(Provided material Opens)
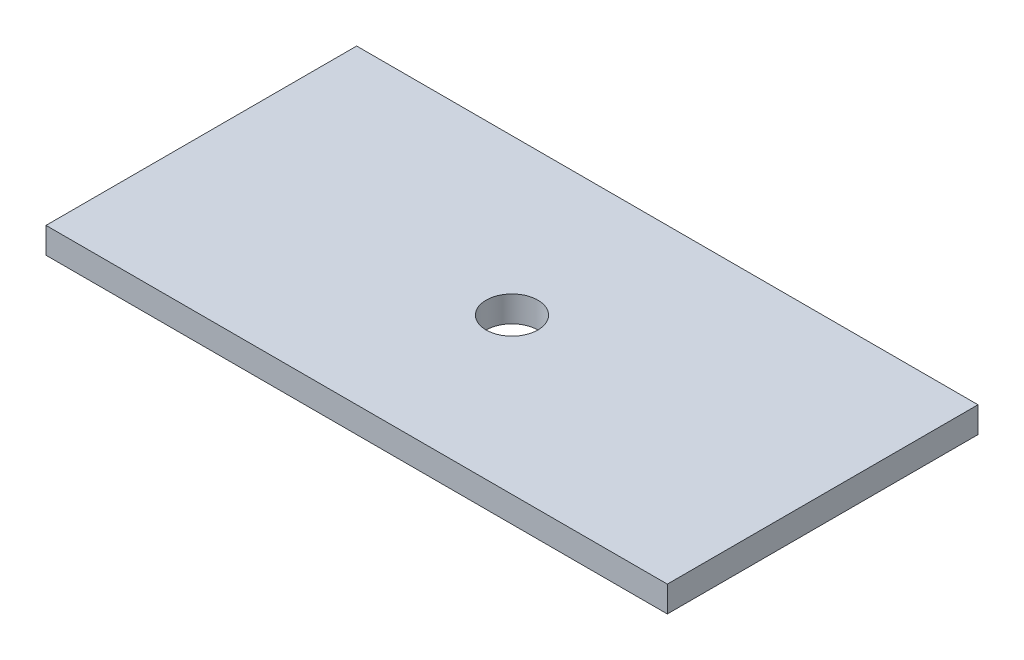
from build123d import *

# Parameters (mm, degrees)
SKETCH1_W           = 152.4
SKETCH1_H           = 76.2
SKETCH1_R           = 6.35
BOSS_EXTRUDE1_DEPTH = 6.35


with BuildPart() as part:
    # Sketch1 → Boss-Extrude1 (new body)
    with BuildSketch(Plane(origin=(0, 0, 0), x_dir=(1, 0, 0), z_dir=(0, 1, 0))):
        Rectangle(SKETCH1_W, SKETCH1_H)
        with Locations(Location((0, 0, 0), (0, 0, 270))):
            Circle(SKETCH1_R, mode=Mode.SUBTRACT)
    extrude(amount=BOSS_EXTRUDE1_DEPTH)


solid = part.part
(Provided material Closes)
▶ _Problem_: Output the data above exactly, beginning at its first line and ending with the line that holds "Rectangle(SKETCH1_W, SKETCH1_H)". Leave out the pictures and add nothing.

▶ _Answer space_:
from build123d import *

# Parameters (mm, degrees)
SKETCH1_W           = 152.4
SKETCH1_H           = 76.2
SKETCH1_R           = 6.35
BOSS_EXTRUDE1_DEPTH = 6.35


with BuildPart() as part:
    # Sketch1 → Boss-Extrude1 (new body)
    with BuildSketch(Plane(origin=(0, 0, 0), x_dir=(1, 0, 0), z_dir=(0, 1, 0))):
        Rectangle(SKETCH1_W, SKETCH1_H)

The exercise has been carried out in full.